- On 4/20/25 11:24, Stephen J. Turnbull wrote:
This sounds to me like your runners are crashing, as Mark suggested. But even if that's resolved, you're still going to have a performance issue (lock contention for seconds or even minutes maybe[1]) even if you don't get stuck for days.
Fair enough. It was not obvious when installing that I should not use sqlite3.
Yeah, there's a sort of warning somewhere that we strongly recommend a full-featured RDBMS system, but we should probably make it a lot more prominent and explain why.
Strong ACK. Anecdotally, because I went the SQLite3 -> PostgreSQL route just recently:
I've initially set up mailman3 and Hyperkitty with the SQLite3 backend, since the system/lists is/are relatively small and the lists are mostly low-volume, so I figured it would be a good idea to go with the least complicated option.
Importing archives (which tend to be big in comparison to the incoming volume since they go back to 2011) took on the order of 10 hours or more for big lists, with django threads dying every now and then and locking messages appearing in the log.
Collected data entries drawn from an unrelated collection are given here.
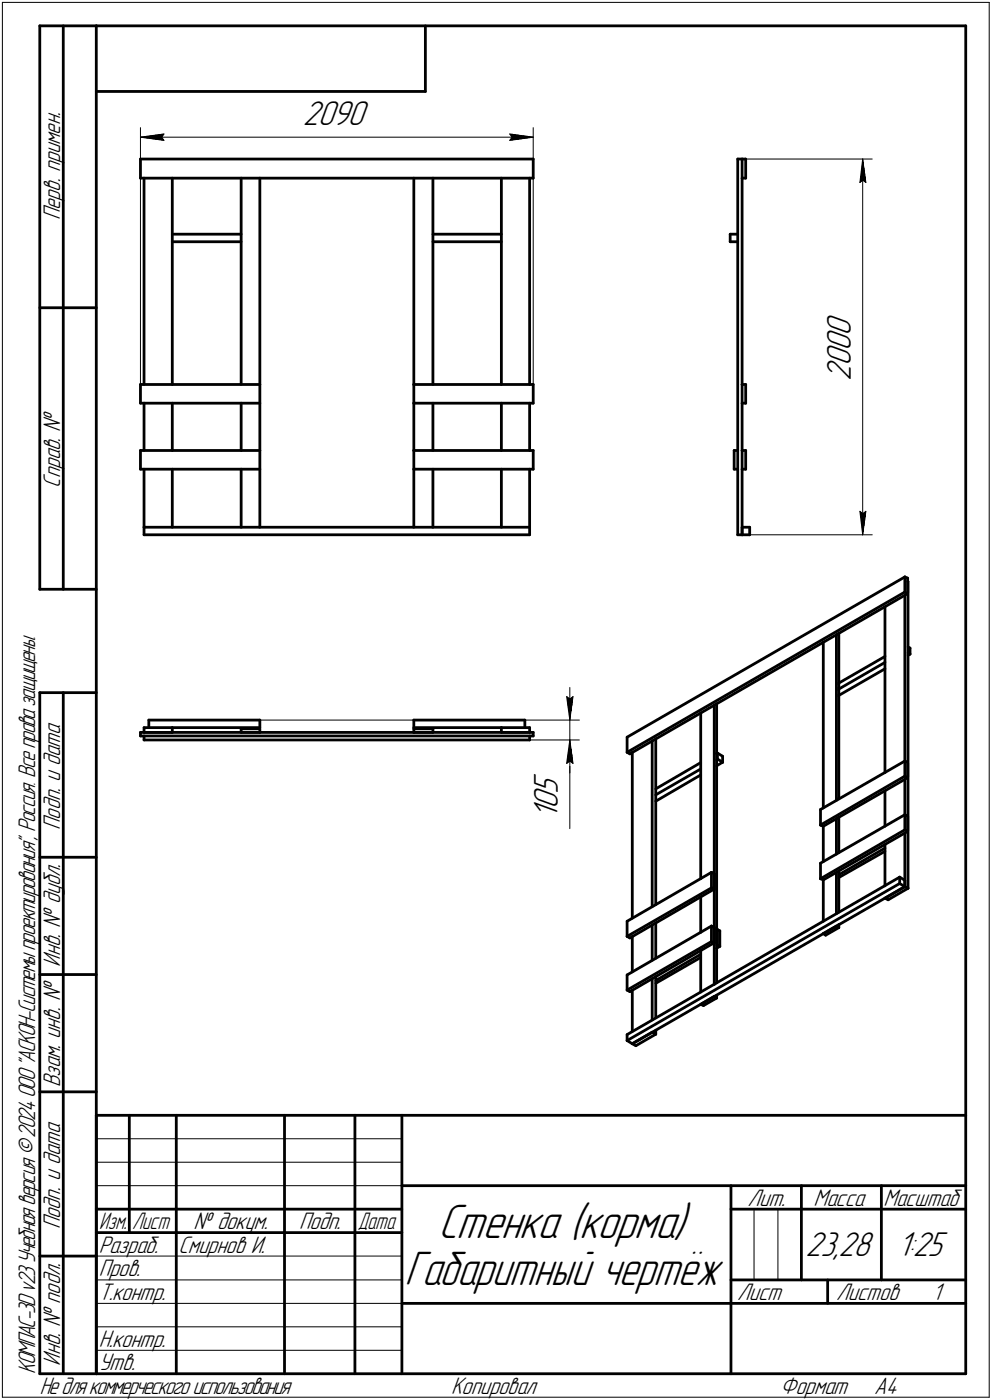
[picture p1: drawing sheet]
<svg xmlns="http://www.w3.org/2000/svg" width="211mm" height="298mm" viewBox="0 0 211 298" stroke-linecap="round" stroke-linejoin="round" font-family="sans-serif">
<g fill="none" stroke="#000" stroke-width=".59">
<path d="M8.5 5.5v120zM8.5 5.5h12zM13.5 5.5v120zM20.5 5.5v287zM20.5 5.5h185zM20.5 19.5h70zM90.5 5.5v14zM205.5 5.5v287zM29.9 33.9v4zM29.9 33.9h83.6zM29.9 37.9h83.6zM30.6 37.9v44z"/>
<path d="M36.7 37.9v44zM51.3 37.9v44zM55.3 37.9v44zM88.1 37.9v44zM92.1 37.9v44zM106.7 37.9v44zM112.7 37.9v44zM113.5 33.9v4zM157 33.9h.9zM157 33.9v80zM157.9 37.9v44zM157.9 33.9h.8z"/>
<path d="M157.9 33.9v4zM157.9 37.9h.8zM158.7 33.9v4zM36.7 51.5h14.6zM36.7 49.9h14.6zM92.1 51.5h14.6zM92.1 49.9h14.6zM155.4 51.5h1.6zM155.4 49.9v1.6zM155.4 49.9h1.6zM8.5 65.5h12zM29.9 95.9h25.4z"/>
<path d="M29.9 95.9v4zM29.9 99.9h25.4zM29.9 81.9h25.4zM29.9 81.9v4zM29.9 85.9h25.4zM30.6 99.9v12.4zM30.6 85.9v10zM36.7 85.9v10zM36.7 99.9v12.4zM51.3 99.9v12.4zM51.3 85.9v10zM55.3 95.9v4z"/>
<path d="M55.3 85.9v10zM55.3 99.9v12.4zM55.3 81.9v4zM88.1 99.9v12.4zM88.1 85.9v10zM88.1 95.9h25.4zM88.1 95.9v4zM88.1 99.9h25.4zM88.1 81.9h25.4zM88.1 81.9v4zM88.1 85.9h25.4zM92.1 85.9v10z"/>
<path d="M92.1 99.9v12.4zM106.7 99.9v12.4zM106.7 85.9v10zM112.7 85.9v10zM112.7 99.9v12.4zM113.5 95.9v4zM113.5 81.9v4zM156.2 99.9h.8zM156.2 95.9v4zM156.2 95.9h.8zM157.9 99.9v14zM157.9 85.9v10z"/>
<path d="M157.9 95.9v4zM157.9 99.9h.8zM157.9 95.9h.8zM157.9 81.9v4zM157.9 85.9h.8zM157.9 81.9h.8zM158.7 95.9v4zM158.7 81.9v4zM30.6 112.3h82.1zM30.6 113.9h82.1zM30.6 112.3v1.6zM112.7 112.3v1.6z"/>
<path d="M157 113.9h.9zM157.9 112.3v1.6zM157.9 113.9h1.6zM157.9 112.3h1.6zM159.5 112.3v1.6zM8.5 125.5h12zM175.2 136.7v35.3zM178 135.1v35.3zM178.5 134.8v35.3zM188.3 129.2v35.3zM192.5 126.7v35.4zM192.5 122.9l.6 .2z"/>
<path d="M192.5 122.9v3.2zM192.5 126.1l.6 .3zM193.1 123.8l.1 .1zM193.1 123.1v3.3zM193.2 123.9v65.2zM193.2 139.5l.4-.2zM193.2 139l.4 .3zM193.2 137.8l.4 .2zM193.6 138v1.3zM8.5 147.5v145zM8.5 147.5h12zM13.5 147.5v145z"/>
<path d="M29.9 156h83.6zM29.9 156.7h83.6zM29.9 156v.7zM30.6 154.9v1.1zM30.6 154.9h6.1zM30.6 156h6.1zM30.6 156.7v.9zM30.6 157.6h82.1zM31.7 153.3h23.6zM31.7 153.3v1.6zM36.7 154.9v1.1zM36.7 154.9h18.6z"/>
<path d="M51.3 155.2v.8zM51.3 155.2h4zM51.3 156h4zM55.3 153.3v1.6zM55.3 155.2v.8zM88.1 155.2v.8zM88.1 155.2h4zM88.1 156h4zM88.1 154.9h18.6zM88.1 153.3h23.6zM88.1 153.3v1.6zM92.1 155.2v.8z"/>
<path d="M106.7 154.9v1.1zM106.7 154.9h6zM106.7 156h6zM111.7 153.3v1.6zM112.7 154.9v1.1zM112.7 156.7v.9zM113.5 156v.7zM133.4 157v3.2zM133.4 157l59.1-34.1zM138.8 157.7v35.3zM139.5 157.3v35.3zM149.1 151.8v35.3z"/>
<path d="M152 150.1v59.5zM152.5 149.9v59.4zM178.5 146.7l9.8-5.6zM178.5 148.1l9.8-5.7zM178.5 145.5l9.8-5.7zM133.4 160.2l59.1-34.1zM133.4 160.2l.6 .3zM134 160.5l59.1-34.1zM134.5 160.2v35.3zM139.5 169.2l9.6-5.5zM139.5 170.6l9.6-5.6zM139.5 168l9.6-5.6z"/>
<path d="M152.5 163.1l1.3-.8zM152.5 160.4h.2zM152.7 161.6l-.2 .2zM152.7 161.6l1.1 .7zM152.7 160.4l1.1 .6zM152.7 160.4v1.2zM153.8 161v1.3zM174.6 172.4l17.9-10.3zM174.6 175.7l.6 .2zM174.6 172.4v3.3zM174.6 175.7l17.9-10.4zM175.2 175.9v7.6z"/>
<path d="M175.2 175.9l17.9-10.3zM178 174.3v7.6zM178.5 174v7.5zM188.3 179.8v8.8zM188.3 168.4v7.5zM192.5 165.9v7.6zM192.5 177.4v11.4zM192.5 173.5l.6 .2zM192.5 176.7l.6 .3zM192.5 173.5v3.2zM192.5 162.1l.6 .2zM192.5 165.3l.6 .3z"/>
<path d="M192.5 162.1v3.2zM193.1 173.7v3.3zM193.1 162.3v3.3zM8.5 182.5h12zM133.4 196.2l18-10.4zM133.4 199.4l.6 .3zM133.4 196.2v3.2zM133.4 199.4l18-10.3zM134 199.7l18-10.4zM134.5 199.4v7.5zM138.8 196.9v7.6zM139.5 196.5v7.5z"/>
<path d="M149.1 191v7.5zM151.4 197.2l.6 .3zM151.4 197.2v3.3zM151.4 185.8l.6 .3zM151.4 189.1l.6 .2zM151.4 185.8v3.3zM152 197.5v3.2zM152 186.1v3.2zM152.5 198h.2zM152.7 198v3.2zM152.7 198l.5 .2zM153.2 198.2v3.3z"/>
<path d="M174.6 183.8l17.9-10.3zM174.6 187.1l.6 .3zM174.6 183.8v3.3zM174.6 187.1l17.9-10.4zM175.2 198.8l2.8-1.6zM175.2 187.4v8.8zM175.2 198.8l.5 .3zM175.2 187.4l17.9-10.4zM175.7 199.1l2.8-1.6zM178 185.8v8.8zM178 197.2l.5 .3zM178.5 185.4v8.8z"/>
<path d="M178.5 196.8v.7zM178.5 186.9l9.8-5.6zM178.5 186.3l9.8-5.7zM188.3 191.3l.7 .3zM188.3 191.3l4.2-2.5zM189 191.6l4.2-2.5zM191.4 186.8l1.1 .7zM191.4 186.8v1.3zM191.4 188.1l1.1 .7zM192.5 188.8l.7 .3zM192.5 187.5v1.3zM8.5 207.5h12z"/>
<path d="M133.4 207.6l18-10.4zM133.4 210.8l.6 .4zM133.4 207.6v3.2zM133.4 210.8l18-10.3zM134 211.2l18-10.5zM134.5 210.8v8.8zM138.8 208.4v8.8zM138.8 219.8l.7 .4zM139.5 209.4l9.6-5.5zM139.5 208.8l9.6-5.6zM139.5 207.9v8.8zM139.5 219.4v.8z"/>
<path d="M149.1 213.9l2.9-1.7zM149.1 202.4v8.8zM149.1 213.9l.6 .2zM149.7 214.1l2.8-1.6zM151.4 200.5l.6 .2zM152 212.2l.5 .3zM152.5 201.9l.7-.4zM152.5 201.3l.2-.1zM152.5 211.9v.6zM152.7 201.2l.5 .3zM8.5 232.5h12zM20.5 237.5h185z"/>
<path d="M20.5 237.5v55zM27.5 237.5v25zM37.5 237.5v55zM60.5 237.5v55zM75.5 237.5v55zM85.5 237.5v55zM133.4 221.6l1.1 .6zM133.4 220.3l58-33.5zM133.4 221.6l58-33.5zM133.4 220.3v1.3zM134.5 222.2l.8 .5zM134.5 222.2l4.3-2.4z"/>
<path d="M134.5 222.2l58-33.4zM135.3 222.7l4.2-2.5zM20.5 257.5h65zM85.5 252.5h120zM155.5 252.5v40zM155.5 257.5h15zM170.5 252.5v20zM170.5 257.5h35zM187.5 252.5v20zM8.5 267.5h12zM20.5 262.5h65zM85.5 277.5h70z"/>
<path d="M155.5 277.5h50zM155.5 272.5h50zM176.1 272.5v5zM8.5 292.5h12zM20.5 292.5h185z"/>
</g>
<g fill="none" stroke="#000" stroke-width=".21">
<path d="M.5 .5v297zM.5 .5h210zM210.5 .5v297zM29.9 27.2v56.7zM29.9 29.2l5-.7zM29.9 29.2l5 .7zM29.9 29.2h83.6zM34.4 29.2l.5 .7zM34.9 28.5l-.5 .7zM108.5 29.9l5-.7zM108.5 28.5l.5 .7zM108.5 28.5l5 .7z"/>
<path d="M109 29.2l-.5 .7zM113.5 27.2v56.7zM158.3 33.9h27.3zM183 38.9l.6-.5zM183.6 33.9l.6 5zM183.6 38.4l.6 .5zM183.6 33.9l-.6 5zM183.6 33.9v80zM159.5 113.9h26.1zM183 108.9l.6 5zM183 108.9l.6 .5zM183.6 109.4l.6-.5z"/>
<path d="M184.2 108.9l-.6 5zM55.3 153.3h68zM112.7 157.6h10.6zM120.6 148.3l.6 .5zM120.6 148.3l.6 5zM121.2 157.6v5zM121.2 148.8l.7-.5zM121.2 146.4v6.9zM121.2 157.6l-.6 5zM121.2 157.6l.7 5zM121.2 157.6v7zM121.2 153.3v4.3z"/>
<path d="M121.9 148.3l-.7 5zM120.6 162.6l.6-.5zM121.2 162.6v13.8zM121.2 162.1l.7 .5zM20.5 247.5h65zM20.5 252.5h65zM20.5 242.5h65zM160.4 257.5v15zM165.5 257.5v15zM20.5 267.5h65zM20.5 272.5h65zM20.5 277.5h65z"/>
<path d="M.5 297.5h210zM20.5 282.5h65zM20.5 287.5h65z"/>
</g>
<g fill="#fff" stroke="#fff" stroke-width=".21">
<path d="M64.4 21.1h14.5zM64.4 21.2h14.5zM64.4 21.3h14.5zM64.4 21.3h14.5zM64.4 21.4h14.5zM64.4 21.5h14.5zM64.4 21.6h14.5zM64.4 21.7h14.5zM64.4 21.8h14.5zM64.4 21.8h14.5zM64.4 21.9h14.5zM64.4 22h14.5zM64.4 22.1h14.5zM64.4 22.2h14.5zM64.4 22.3h14.5zM64.4 22.4h14.5zM64.4 22.4h14.5zM64.4 22.5h14.5zM64.4 22.6h14.5zM64.4 22.7h14.5zM64.4 22.8h14.5zM64.4 22.9h14.5zM64.4 22.9h14.5zM64.4 23h14.5zM64.4 23.1h14.5zM64.4 23.2h14.5zM64.4 23.3h14.5zM64.4 23.4h14.5zM64.4 23.5h14.5zM64.4 23.5h14.5zM64.4 23.6h14.5zM64.4 23.7h14.5zM64.4 23.8h14.5zM64.4 23.9h14.5zM64.4 24h14.5zM64.4 24h14.5zM64.4 24.1h14.5zM64.4 24.2h14.5zM64.4 24.3h14.5zM64.4 24.4h14.5zM64.4 24.5h14.5zM64.4 24.6h14.5zM64.4 24.6h14.5zM64.4 24.7h14.5zM64.4 24.8h14.5zM64.4 24.9h14.5zM64.4 25h14.5zM64.4 25.1h14.5zM64.4 25.1h14.5zM64.4 25.2h14.5zM64.4 25.3h14.5zM64.4 25.4h14.5zM64.4 25.5h14.5zM64.4 25.6h14.5zM64.4 25.7h14.5zM64.4 25.7h14.5zM64.4 25.8h14.5zM64.4 25.9h14.5zM64.4 26h14.5zM64.4 26.1h14.5zM64.4 26.2h14.5zM64.4 26.2h14.5zM64.4 26.3h14.5zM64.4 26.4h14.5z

I've since setup PostgreSQL and reconfigured both mailman and Hyperkitty to use it. Instead of migrating the old data from the SQLite3 database to the PostgreSQL database, I'm just re-importing the mailman 2.1 data again, since it didn't change and the whole sqlite->pgsql move process seems so finicky and error-prone.
Importing one of the biggest archives is orders of magnitude faster at 43 % completion after just half an hour. In comparison, the same progress would have taken 6 hours with the SQLite3 backend.
As far as I can see, using the SQLite3 backend should be strongly discouraged, even for small systems, and this should be properly mentioned in the documentation. It's certainly useful in an automated testing suite, but there's probably no production system that would benefit from using the SQLite3 backend.